What did I want? Facts, instead of wild conjecture. I got out the road map again, and the phone book. I looked up the address of the theater Mrs. Jones and Mr. Flint had attended that night of March 14, 1989, and found it on the map. I put a little dot where the recording studio was located. I marked out the shortest way to get from one to the other. The shortest route did not intersect the corner of 8th and Berendo, where the shooting took place, but to be fair, it did pass within a block or two of it. What was I thinking?! Was I really toying with the idea that there was something nonkosher about the story of the unidentified male,
black, approx. 25 to 30? Not quite yet, not quite yet.
I then phoned the state meteorological service, introduced myself as my brother, gave his shield number, which I happened to know, and asked a helpful lady there to please check on the Los Angeles weather for me for the night of March 14th, it was in connection with a serious felony I was investigating.
"No problem; hang on a tick," she said. A minute later she said, "Rain throughout the central LA area as a result of low-pressure field moving in from southwest, ceasing early morning. That do you?"
"Just fine." I thanked her, and hung up. Then I looked up and called the Diners Club and American Express emergency toll-free numbers. I like calling toll-free numbers, I often do it just for a little chat. In no time at all, thanks to Tony's credentials, I discovered that Mary Jones was in possession of a valid American Express Card, and that it had not been reported as lost or stolen or disfigured any time during that calendar year, let alone on or about March 14-15-16. Hmm.

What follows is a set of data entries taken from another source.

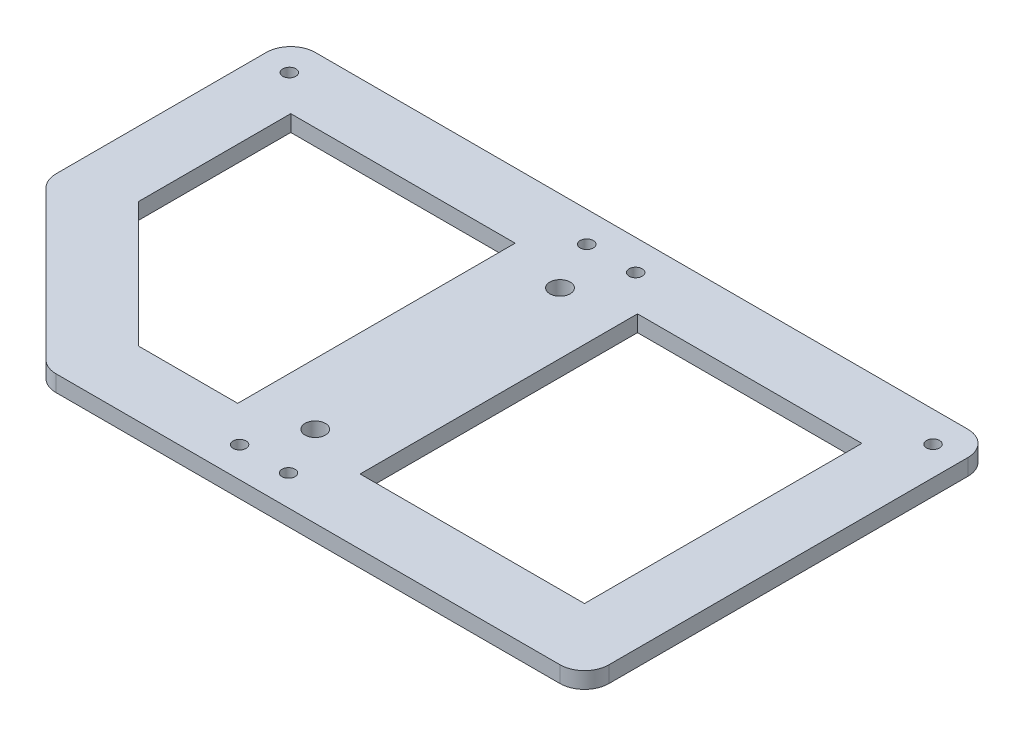
from build123d import *

# Parameters (mm, degrees)
SKIZZE1_W                       = 86
SKIZZE1_H                       = 50
AUFSATZ_LINEAR_AUSTRAGEN1_DEPTH = 2
F_1_6_1_6_DIAMETER_HOLE1_D      = 1.6
M3X0_5_GEWINDEBOHRUNG1_D        = 2.5
M3X0_5_GEWINDEBOHRUNG1_DEPTH    = 8.5
M3X0_5_GEWINDEBOHRUNG1_TIP      = 0.751075774
SKIZZE6_W                       = 27.5
SKIZZE6_H                       = 34
SCHNITT_LINEAR_AUSTRAGEN1_DEPTH = 3
FILLET1_R                       = 3
CUT_EXTRUDE1_REACH              = 4
SKETCH1_W                       = 20
SKETCH1_H                       = 20
BOSS_EXTRUDE1_DEPTH             = 2
FILLET2_R                       = 3


with BuildPart() as part:
    # Skizze1 → Aufsatz-Linear austragen1 (new body)
    with BuildSketch(Plane(origin=(0, 0, 0), x_dir=(1, 0, 0), z_dir=(0, 1, 0))):
        Rectangle(SKIZZE1_W, SKIZZE1_H)
    extrude(amount=AUFSATZ_LINEAR_AUSTRAGEN1_DEPTH)

    # Ø1.6 (1.6) Diameter Hole1 (through all)
    with Locations(Plane(origin=(0, 2, 0), x_dir=(1, 0, 0), z_dir=(0, 1, 0))):
        with Locations((-39.45, 21.275), (-3, 21.275), (-3, -21.275)):
            f_1_6_1_6_diameter_hole1 = Hole(F_1_6_1_6_DIAMETER_HOLE1_D / 2)

    # Spiegeln1: Ø1.6 (1.6) Diameter Hole1 across plane
    add(f_1_6_1_6_diameter_hole1.mirror(Plane(origin=(0, 0, 0), x_dir=(0, 0, 1), z_dir=(1, 0, 0))), mode=Mode.SUBTRACT)

    # M3x0.5 Gewindebohrung1
    with Locations(Plane(origin=(0, 2, 0), x_dir=(1, 0, 0), z_dir=(0, 1, 0))):
        with Locations((0, 15), (0, -15)):
            Hole(M3X0_5_GEWINDEBOHRUNG1_D / 2, depth=M3X0_5_GEWINDEBOHRUNG1_DEPTH)
            with Locations((0, 0, -(M3X0_5_GEWINDEBOHRUNG1_DEPTH + M3X0_5_GEWINDEBOHRUNG1_TIP / 2))):  # 118° drill point
                Cone(0, M3X0_5_GEWINDEBOHRUNG1_D / 2, M3X0_5_GEWINDEBOHRUNG1_TIP, mode=Mode.SUBTRACT)

    # Skizze6 → Schnitt-Linear austragen1 (cut, through all)
    with BuildSketch(Plane(origin=(0, 0, 0), x_dir=(1, 0, 0), z_dir=(0, 1, 0))):
        with Locations((-21.25, 0)):
            Rectangle(SKIZZE6_W, SKIZZE6_H)
        with Locations((21.25, 0)):
            Rectangle(SKIZZE6_W, SKIZZE6_H)
    extrude(amount=SCHNITT_LINEAR_AUSTRAGEN1_DEPTH, mode=Mode.SUBTRACT)

    # Fillet1
    fillet1_edges = [part.edges().sort_by_distance(p)[0] for p in [
        (-43, 1, -25),
        (43, 1, -25),
        (43, 1, 25),
        (-43, 1, 25),
    ]]
    fillet(fillet1_edges, radius=FILLET1_R)

    # Sketch1 → Cut-Extrude1 (cut, up to next)
    with BuildSketch(Plane(origin=(0, 2, 0), x_dir=(1, 0, 0), z_dir=(0, 1, 0)), mode=Mode.PRIVATE) as cut_extrude1_sk1:
        with Locations((-33, -15)):
            Rectangle(SKETCH1_W, SKETCH1_H)
    cut_extrude1_tool1 = extrude(cut_extrude1_sk1.sketch, amount=-CUT_EXTRUDE1_REACH, mode=Mode.PRIVATE) & part.part
    add(cut_extrude1_tool1.solids().sort_by_distance((-33, 2, 15))[0], mode=Mode.SUBTRACT)

    # Sketch2 → Boss-Extrude1 (add)
    with BuildSketch(Plane(origin=(0, 2, 0), x_dir=(1, 0, 0), z_dir=(0, 1, 0))):
        Polygon((-43, -5), (-23, -25), (-23, -17), (-19.686291501, -17), (-35, -1.686291501), (-35, -5), align=None)
    extrude(amount=-BOSS_EXTRUDE1_DEPTH)

    # Fillet2
    fillet2_edges = [part.edges().sort_by_distance(p)[0] for p in [
        (-43, 1, 5),
        (-23, 1, 25),
    ]]
    fillet(fillet2_edges, radius=FILLET2_R)


solid = part.part
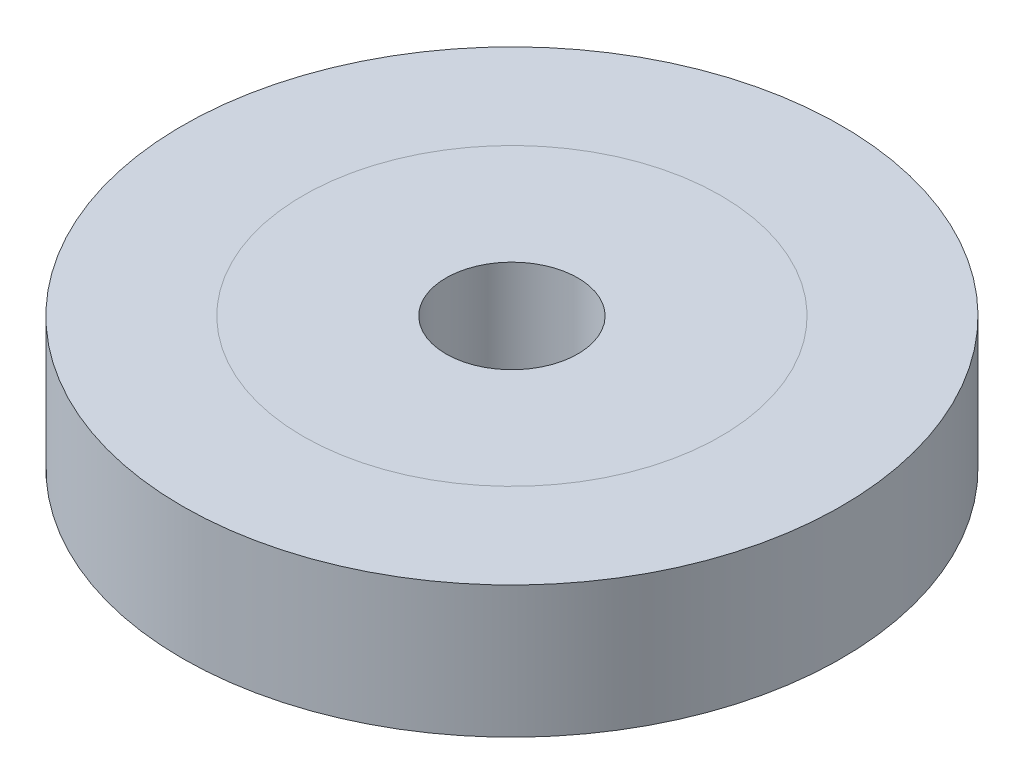
from build123d import *

# Parameters (mm, degrees)
SKETCH_1_R      = 9.5
SKETCH_1_R_2    = 3
EXTRUDE_1_DEPTH = 3
SKETCH_2_R      = 15
SKETCH_2_R_2    = 9.5
EXTRUDE_2_DEPTH = 3


with BuildPart() as part:
    # 草图1 → 凸台-拉伸1 (new body, symmetric)
    with BuildSketch(Plane(origin=(0, 0, 0), x_dir=(1, 0, 0), z_dir=(0, 1, 0))):
        Circle(SKETCH_1_R)
        Circle(SKETCH_1_R_2, mode=Mode.SUBTRACT)
    extrude(amount=EXTRUDE_1_DEPTH, both=True)


with BuildPart() as body_2:
    # 草图2 → 凸台-拉伸2 (new body, symmetric)
    with BuildSketch(Plane(origin=(0, 0, 0), x_dir=(1, 0, 0), z_dir=(0, 1, 0))):
        Circle(SKETCH_2_R)
        Circle(SKETCH_2_R_2, mode=Mode.SUBTRACT)
    extrude(amount=EXTRUDE_2_DEPTH, both=True)


solid = Compound([part.part, body_2.part])
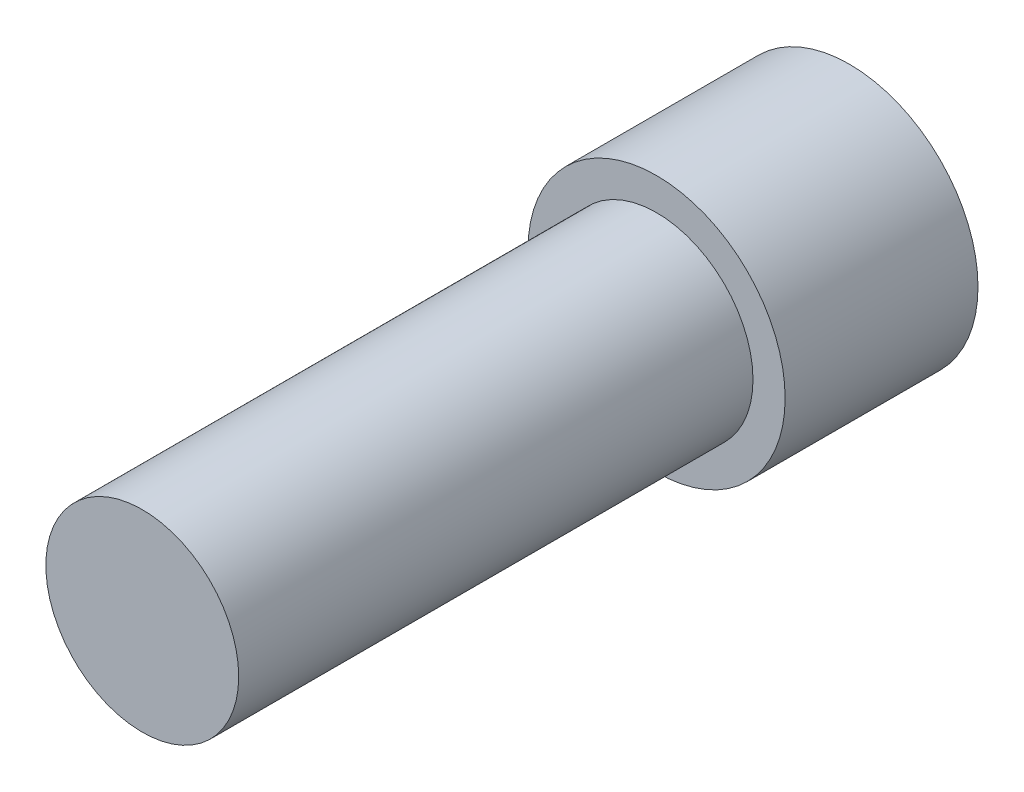
from build123d import *

# Parameters (mm, degrees)
SKETCH_1_R          = 2
EXTRUDE_1_DEPTH     = 3
SKETCH_2_R          = 1.5
EXTRUDE_2_DEPTH     = 8
CUT_EXTRUDE_1_DEPTH = 2


with BuildPart() as part:
    # 草图1 → 凸台-拉伸1 (new body)
    with BuildSketch(Plane.XY):
        Circle(SKETCH_1_R)
    extrude(amount=EXTRUDE_1_DEPTH)

    # 草图2 → 凸台-拉伸2 (add)
    with BuildSketch(Plane.XY.offset(3)):
        Circle(SKETCH_2_R)
    extrude(amount=EXTRUDE_2_DEPTH)

    # 草图3 → 切除-拉伸1 (cut)
    with BuildSketch(Plane(origin=(0, 0, 0), x_dir=(-1, 0, 0), z_dir=(0, 0, -1))):
        Polygon((1.513862997, -0.841557381), (1.485741569, 0.890265123), (-0.028121428, 1.731822504), (-1.513862997, 0.841557381), (-1.485741569, -0.890265123), (0.028121428, -1.731822504), align=None)
    extrude(amount=-CUT_EXTRUDE_1_DEPTH, mode=Mode.SUBTRACT)


solid = part.part
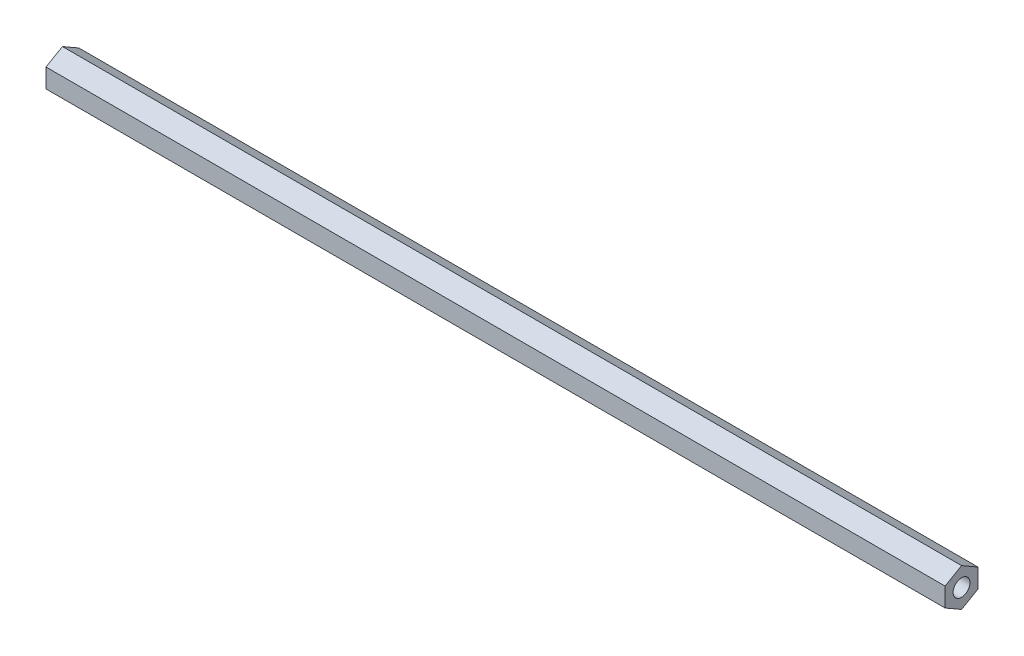
from build123d import *

# Parameters (mm, degrees)
BOSS_EXTRUDE1_DEPTH = 346.86875
SKETCH2_R           = 3.2639
CUT_EXTRUDE1_DEPTH  = 12.7
SKETCH3_R           = 3.2639
CUT_EXTRUDE2_DEPTH  = 12.7


with BuildPart() as part:
    # Sketch1 → Boss-Extrude1 (new body)
    with BuildSketch(Plane(origin=(0, 0, 0), x_dir=(0, 0, -1), z_dir=(1, 0, 0))):
        Polygon((0, 7.332348419), (-6.35, 3.666174209), (-6.35, -3.666174209), (0, -7.332348419), (6.35, -3.666174209), (6.35, 3.666174209), align=None)
    extrude(amount=BOSS_EXTRUDE1_DEPTH)

    # Sketch2 → Cut-Extrude1 (cut)
    with BuildSketch(Plane(origin=(346.86875, 0, 0), x_dir=(0, 0, -1), z_dir=(1, 0, 0))):
        Circle(SKETCH2_R)
    extrude(amount=-CUT_EXTRUDE1_DEPTH, mode=Mode.SUBTRACT)

    # Sketch3 → Cut-Extrude2 (cut)
    with BuildSketch(Plane.ZY):
        Circle(SKETCH3_R)
    extrude(amount=-CUT_EXTRUDE2_DEPTH, mode=Mode.SUBTRACT)


solid = part.part

Then I thought a bit. Then I rang the theater. After hanging on for a while, and being treated to a medley of popular show tunes of yesteryear, a pleasant female voice said, "Alameda Theater box office, can I help you?"
"Well, I certainly hope so, miss," I said in a dithering fashion. "I just don't know what to do. We're supposed to come and see the show tonight, that's me and Mrs. Bardwell and Hayley, our eldest? I can't tell you how much we've been looking forward to it."
"What's the problem, Mr. Bardwell?"
"It's the tickets!" I said. "She's off visiting Mother in Culver City, and I just don't know what she's done about them. She works for IMM, you know, where they have this cheap theater ticket program? She told me how it operates once, but my memory is like a total sieve these days, I think it's my new medication, frankly. I really do."
"How it operates, Mr. Bardwell," the lady said patiently, "is that we give special rates for group bookings."
"Do you!" I said. "Just like the airlines?"
"Just like the airlines," she said. "So a large company such as IMM will make a block booking, and pass the savings along to their employees. Sometimes the seats are all booked for one or two specific nights, but often they are spread out at so many per show over an entire month, to give the employees more choice."